## DIRECTIONS
Go through the entries below from the first line and transcribe each one exactly, ending with the line that contains "undefined symbols (not".

## DATA SHOWN
■ ■ ■ ■ ■

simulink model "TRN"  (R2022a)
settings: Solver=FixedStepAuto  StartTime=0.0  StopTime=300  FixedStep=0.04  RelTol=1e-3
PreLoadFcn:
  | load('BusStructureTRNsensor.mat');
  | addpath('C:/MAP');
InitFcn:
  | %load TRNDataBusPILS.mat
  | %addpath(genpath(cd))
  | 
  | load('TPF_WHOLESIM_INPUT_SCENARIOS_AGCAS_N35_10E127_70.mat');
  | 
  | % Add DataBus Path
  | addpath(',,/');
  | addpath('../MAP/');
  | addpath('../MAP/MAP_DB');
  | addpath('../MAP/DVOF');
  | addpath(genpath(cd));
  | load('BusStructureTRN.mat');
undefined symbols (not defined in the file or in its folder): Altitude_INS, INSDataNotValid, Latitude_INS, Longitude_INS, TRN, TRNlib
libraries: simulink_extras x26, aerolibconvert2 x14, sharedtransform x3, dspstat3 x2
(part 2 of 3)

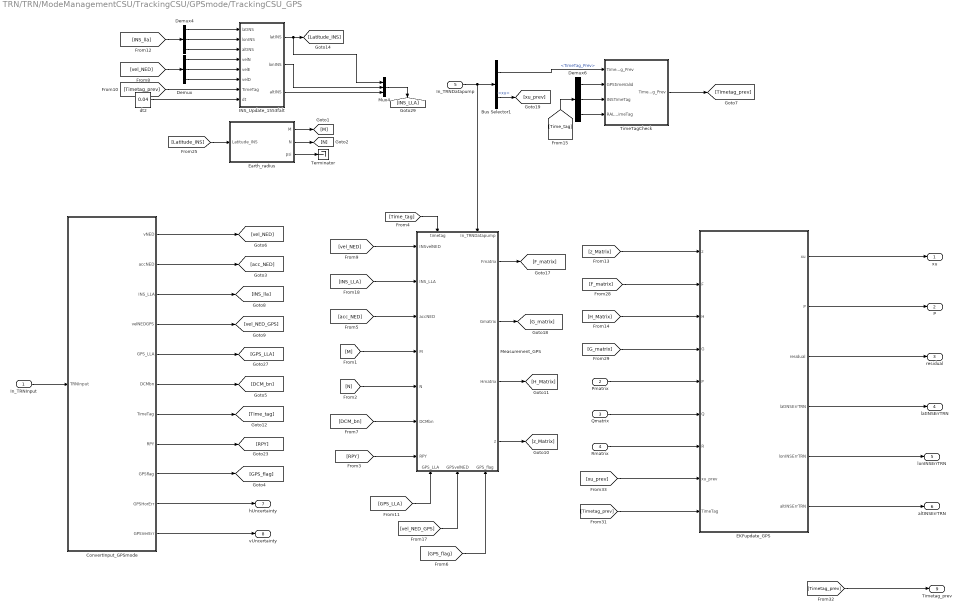
== system TRN/TRN/ModeManagementCSU/TrackingCSU/GPSmode/TrackingCSU_GPS ==
  In_TRNInput : Inport  OutDataTypeStr=Bus: TRNInput
  Pmatrix : Inport  Port=2
  Qmatrix : Inport  Port=3
  Rmatrix : Inport  Port=4
  In_TRNDatapump : Inport  Port=5  OutDataTypeStr=Bus: TRNDatapump  PortDimensions=1
  Bus Selector1 : BusSelector  OutputSignals=TimeTag_Prev,xu
  ConvertInput_GPSmode : Subsystem  TreatAsAtomicUnit=on
  Demux : Demux  Outputs=3
  Demux4 : Demux  Outputs=3
  Demux6 : Demux  Outputs=3
  EKFupdate_GPS : Subsystem
  Earth_radius : MATLAB Function  TreatAsAtomicUnit=on
  INS_Update_1553falt : MATLAB Function  TreatAsAtomicUnit=on
  Measurement_GPS : Subsystem
      settings: PortSchema="{\"entries\":[{\"content\":{\"sides\":[{\"content\":{\"connectorIds\":[\"In1\",\"In2\",\"In3\",\"In4\",\"In5\",\"In6\",\"In7\"]},\"type\":\"ConnectorPlacement.EquallySpacedRectSide\",\"uuid\":\"284c5e42-61c1-4616-966e-143f60f46571\"},{\"content\":{\"connectorIds\":[\"Out1\",\"Out2\",\"Out3\",\"Out4\"],\"side\":\"RIGHT\"},\"type\":\"ConnectorPlacement.EquallySpacedRectSide\",\"uuid\":\"be5b0b09-4e69-4cdf-8a94-a8639994cbf9\"},{\"content\":{\"connectorIds\":[\"In8\",\"In9\"],\"side\":\"TOP\"},\"type\":\"ConnectorPlacement.EquallySpacedRectSide\",\"uuid\":\"f7fbee8b-afe7-4fec-8c40-a5bd5e14374e\"},{\"content\":{\"connectorIds\":[\"In10\",\"In11\",\"In12\"],\"side\":\"BOTTOM\"},\"type\":\"ConnectorPlacement.EquallySpacedRectSide\",\"uuid\":\"9a503e43-aaca-441a-ab76-b52386228bc3\"}]},\"type\":\"ConnectorPlacement.EquallySpacedConnector\",\"uuid\":\"1b32203e-baad-4c49-8c24-20b6a9ecb4b9\"}],\"packageUris\":[\"http://schema.mathworks.com/mf0/Connector/R2020b\"],\"version\":\"1.0\"}"
  Mux4 : Mux  Inputs=3
  Terminator : Terminator
  TimeTagCheck : MATLAB Function  TreatAsAtomicUnit=on
  dt2 : Constant  Value=0.04  OutDataTypeStr=double
  xu : Outport
  P : Outport  Port=2
  residual : Outport  Port=3
  latINSErrTRN : Outport  Port=4
  lonINSErrTRN : Outport  Port=5
  altINSErrTRN : Outport  Port=6
  hUncertainty : Outport  Port=7
  vUncertainty : Outport  Port=8
  Timetag_prev : Outport  Port=9
  wires:
  Mux4/1 -> [INS_LLA]
  Demux/3 -> INS_Update_1553falt/6(velD)
  Demux/1 -> INS_Update_1553falt/4(velN)
  Demux/2 -> INS_Update_1553falt/5(velE)
  dt2/1 -> INS_Update_1553falt/8(dt)
  Bus Selector1/1 -> TimeTagCheck/1("TimeTag_Prev ")  "<TimeTag_Prev>"
  In_TRNDatapump/1 -> Bus Selector1/1, Measurement_GPS/9(In_TRNDatapump)
  INS_Update_1553falt/3(altINS) -> Mux4/3
  In_TRNInput/1 -> ConvertInput_GPSmode/1(TRNInput)
  INS_Update_1553falt/1(latINS) -> [Latitude_INS], Mux4/1
  INS_Update_1553falt/2(lonINS) -> Mux4/2
  ConvertInput_GPSmode/2(accNED) -> [acc_NED]
  ConvertInput_GPSmode/6(DCMbn) -> [DCM_bn]
  ConvertInput_GPSmode/1(vNED) -> [vel_NED]
  [vel_NED] -> Demux/1
  [Timetag_prev] -> INS_Update_1553falt/7(TimeTag)
  [INS_lla] -> Demux4/1
  Demux4/2 -> INS_Update_1553falt/2("lonINS ")
  Demux4/1 -> INS_Update_1553falt/1("latINS ")
  Demux4/3 -> INS_Update_1553falt/3("altINS ")
  ConvertInput_GPSmode/4(velNEDGPS) -> [vel_NED_GPS]
  [Time_tag] -> Demux6/1
  Demux6/1 -> TimeTagCheck/2(GPStimeValid)
  Demux6/2 -> TimeTagCheck/3(INSTimeTag)
  Demux6/3 -> TimeTagCheck/4(RALTTimeTag)
  [Timetag_prev] -> Timetag_prev/1
  Bus Selector1/2 -> [xu_prev]  "<xu>"
  Measurement_GPS/1(Fmatrix) -> [F_matrix]
  Measurement_GPS/2(Gmatrix) -> [G_matrix]
  Measurement_GPS/3(Hmatrix) -> [H_Matrix]
  Measurement_GPS/4(z) -> [z_Matrix]
  [z_Matrix] -> EKFupdate_GPS/1(z)
  [F_matrix] -> EKFupdate_GPS/2(F)
  [H_Matrix] -> EKFupdate_GPS/3(H)
  [G_matrix] -> EKFupdate_GPS/4(G)
  Pmatrix/1 -> EKFupdate_GPS/5("P ")
  Qmatrix/1 -> EKFupdate_GPS/6(Q)
  [xu_prev] -> EKFupdate_GPS/8(xu_prev)
  [Timetag_prev] -> EKFupdate_GPS/9(TimeTag)
  EKFupdate_GPS/1(xu) -> xu/1
  EKFupdate_GPS/2(P) -> P/1
  EKFupdate_GPS/3(residual) -> residual/1
  EKFupdate_GPS/4(latINSErrTRN) -> latINSErrTRN/1
  EKFupdate_GPS/5(lonINSErrTRN) -> lonINSErrTRN/1
  EKFupdate_GPS/6(altINSErrTRN) -> altINSErrTRN/1
  [vel_NED] -> Measurement_GPS/1(INSvelNED)
  [INS_LLA] -> Measurement_GPS/2(INS_LLA)
  [acc_NED] -> Measurement_GPS/3(accNED)
  [M] -> Measurement_GPS/4(M)
  [N] -> Measurement_GPS/5(N)
  [Latitude_INS] -> Earth_radius/1(Latitude_INS)
  Earth_radius/1(M) -> [M]
  Earth_radius/2(N) -> [N]
  ConvertInput_GPSmode/5(GPS_LLA) -> [GPS_LLA]
  [DCM_bn] -> Measurement_GPS/6(DCMbn)
  ConvertInput_GPSmode/8(RPY) -> [RPY]
  [RPY] -> Measurement_GPS/7(RPY)
  TimeTagCheck/1(TimeTag_Prev) -> [Timetag_prev]
  [GPS_LLA] -> Measurement_GPS/10(GPS_LLA)
  [vel_NED_GPS] -> Measurement_GPS/11(GPSvelNED)
  Rmatrix/1 -> EKFupdate_GPS/7(R)
  [Time_tag] -> Measurement_GPS/8(timetag)
  ConvertInput_GPSmode/9(GPSflag) -> [GPS_flag]
  [GPS_flag] -> Measurement_GPS/12(GPS_flag)
  ConvertInput_GPSmode/10(GPSHorErr) -> hUncertainty/1
  ConvertInput_GPSmode/11(GPSVerErr) -> vUncertainty/1
  ConvertInput_GPSmode/7(TimeTag) -> [Time_tag]
  ConvertInput_GPSmode/3(INS_LLA) -> [INS_lla]
  Earth_radius/3(psi) -> Terminator/1

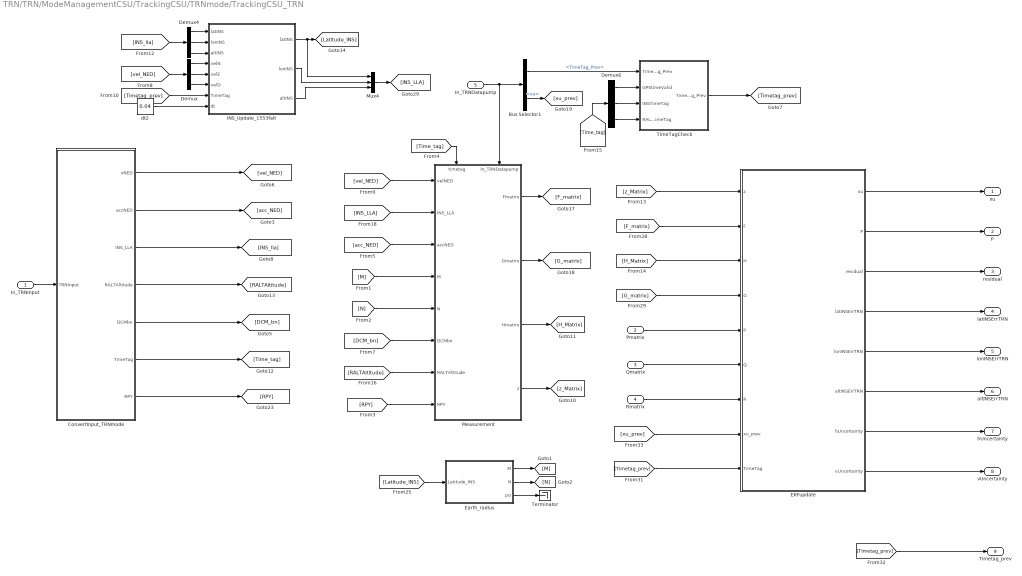
== system TRN/TRN/ModeManagementCSU/TrackingCSU/TRNmode/TrackingCSU_TRN ==
  In_TRNInput : Inport  OutDataTypeStr=Bus: TRNInput
  Pmatrix : Inport  Port=2
  Qmatrix : Inport  Port=3
  Rmatrix : Inport  Port=4
  In_TRNDatapump : Inport  Port=5  OutDataTypeStr=Bus: TRNDatapump  PortDimensions=1
  Bus Selector1 : BusSelector  OutputSignals=TimeTag_Prev,xu
  ConvertInput_TRNmode : Subsystem  TreatAsAtomicUnit=on
  Demux : Demux  Outputs=3
  Demux4 : Demux  Outputs=3
  Demux6 : Demux  Outputs=3
  EKFupdate : Subsystem
  Earth_radius : MATLAB Function  TreatAsAtomicUnit=on
  INS_Update_1553falt : MATLAB Function  TreatAsAtomicUnit=on
  Measurement : Subsystem
      settings: PortSchema="{\"entries\":[{\"content\":{\"sides\":[{\"content\":{\"connectorIds\":[\"In1\",\"In2\",\"In3\",\"In4\",\"In5\",\"In6\",\"In7\",\"In8\"]},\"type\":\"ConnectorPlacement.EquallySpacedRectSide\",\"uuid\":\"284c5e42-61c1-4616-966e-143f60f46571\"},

■ ■ ■ ■ ■

## THE ANSWER
simulink model "TRN"  (R2022a)
settings: Solver=FixedStepAuto  StartTime=0.0  StopTime=300  FixedStep=0.04  RelTol=1e-3
PreLoadFcn:
  | load('BusStructureTRNsensor.mat');
  | addpath('C:/MAP');
InitFcn:
  | %load TRNDataBusPILS.mat
  | %addpath(genpath(cd))
  | 
  | load('TPF_WHOLESIM_INPUT_SCENARIOS_AGCAS_N35_10E127_70.mat');
  | 
  | % Add DataBus Path
  | addpath(',,/');
  | addpath('../MAP/');
  | addpath('../MAP/MAP_DB');
  | addpath('../MAP/DVOF');
  | addpath(genpath(cd));
  | load('BusStructureTRN.mat');
undefined symbols (not defined in the file or in its folder): Altitude_INS, INSDataNotValid, Latitude_INS, Longitude_INS, TRN, TRNlib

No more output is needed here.